Losing expensive LEDs to what appears to be bad drivers is a
bad thing. I don't know all the specifics of current-mode convertors,
mostly deal with voltage-mode where the voltage overshoot is
well-controlled. This is why the PC power supply and resistors
is a safe (if inefficient) method. From the sound of it, the current-
mode driver may be overshooting on turn-on. Can you confirm;
is this a case of the LEDs lighting brighter for a short time just
after power-on or hookup?

I understand current-mode drivers will adjust their output voltage
to the level that the load draws the set current.

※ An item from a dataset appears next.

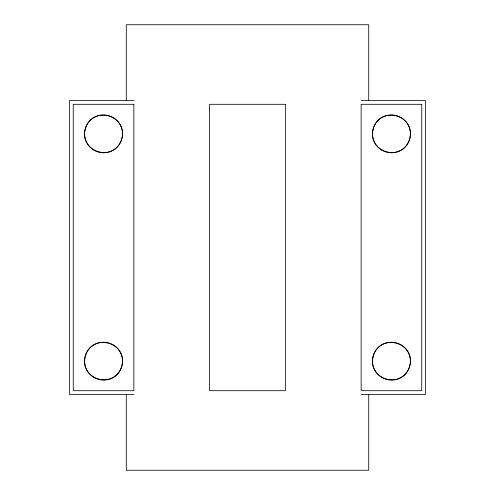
<?xml version="1.0" encoding="UTF-8"?>
<svg xmlns="http://www.w3.org/2000/svg" width="495" height="495" viewBox="0 0 495 495"><rect width="100%" height="100%" fill="white"/><g stroke="black" fill="none" stroke-linecap="round" stroke-linejoin="round"><path stroke-width="0.74" d="M133.854 100.516L69.448 100.516L69.448 394.484L133.854 394.484M361.146 100.516L425.552 100.516L425.552 394.484L361.146 394.484M368.726 100.547L368.726 24.75L126.275 24.75L126.275 100.547M368.726 394.453L368.726 470.25L126.275 470.25L126.275 394.453M85.251 128.948C79.126 152.924 115.156 162.577 121.844 138.755C127.964 114.784 91.934 105.132 85.251 128.948M85.251 356.245C79.126 380.216 115.156 389.868 121.844 366.053C127.964 342.076 91.934 332.423 85.251 356.245M373.156 128.948C367.036 152.924 403.066 162.577 409.749 138.755C415.874 114.784 379.844 105.132 373.156 128.948M373.156 356.245C367.036 380.216 403.066 389.868 409.749 366.053C415.874 342.076 379.844 332.423 373.156 356.245M133.854 104.303L73.241 104.303L73.241 390.697L133.854 390.697L133.854 104.303M285.38 104.303L209.62 104.303L209.62 390.697L285.38 390.697L285.38 104.303M421.759 104.303L361.146 104.303L361.146 390.697L421.759 390.697L421.759 104.303M94.075 150.257A18.94 18.94 0 0 0 122.488 133.854A18.94 18.94 0 0 0 94.075 117.451A18.94 18.94 0 0 0 94.075 150.257M94.075 377.549A18.94 18.94 0 0 0 122.488 361.146A18.94 18.94 0 0 0 94.075 344.743A18.94 18.94 0 0 0 94.075 377.549M381.985 150.257A18.94 18.94 0 0 0 410.398 133.854A18.94 18.94 0 0 0 381.985 117.451A18.94 18.94 0 0 0 381.985 150.257M381.985 377.549A18.94 18.94 0 0 0 410.398 361.146A18.94 18.94 0 0 0 381.985 344.743A18.94 18.94 0 0 0 381.985 377.549"/></g></svg>

This takes a finite
amount of time, and if starts at the high end and adjusts down,
sounds like a bad design.

Could you point me to specs of these drivers?

A thermistor in series might work, on the other hand anything
interfering with the driver's ability to regulate current might drive
it in the wrong direction, which might be bad.

Still thinking about it.

Dave
 
Can you confirm;
is this a case of the LEDs lighting brighter for a short time just
after power-on or hookup?

No....nothing noted there. As I understand it the burst is in milliseconds. When the LEDs burn out they typically don't even light at all.

The best indication of how much power is actually transient is simply shorting out a current regulated supply with no load and noting the crackle and rather long sparks. I've had the same effect and problems with both Xitanium and LightTech drivers, and I would assume their design is very similar. Other people e-mailing me telling me they've had the same issues.

The problem can be averted if the driver is powered up with sufficient load on it, which is the assumed design use. Or, using a decent power resistor in series with the powered driver when used to test off line LEDs. However, for the first time I was able to induce a cascade failure with mixed 3-watt LEDs by putting a couple generic LEDs in series with Crees and K2s. The loss of the flaky LED was obviously enough to fool the driver into pulsing enough current to trash the better LEDs. That has me concerned - and not because I insist a Xitanium be able to normally handle weird loads. The driver is obviously designed for a reasonable load.

My concern here is that if some LEDs are far more sensitive to current burst from this type of driver then there might be a long term delta with failure rates. So far, my most durable installations have been from fixed 12-volt supplies with resistors added. Again, not very efficient, but seems very stable with any LED load I throw at it. The question I have is why not simply alter the second stage trandformer in this type of supply to get the voltage you actually want, and skip everything else. Why have a need then for current regulation?

When I have a chance I'll test the GE Thermistor on a string with LEDs I know have problems with a 700mA supply and see what happens (cough* Satistronics Cough*). Maybe it's a good idea just to put a thermistor inline with a Xitanium supply just to be safe anyways given they are pretty cheap and don't seem to have much runtime resistance to matter much.

This topic might be better served moved to it's own thread.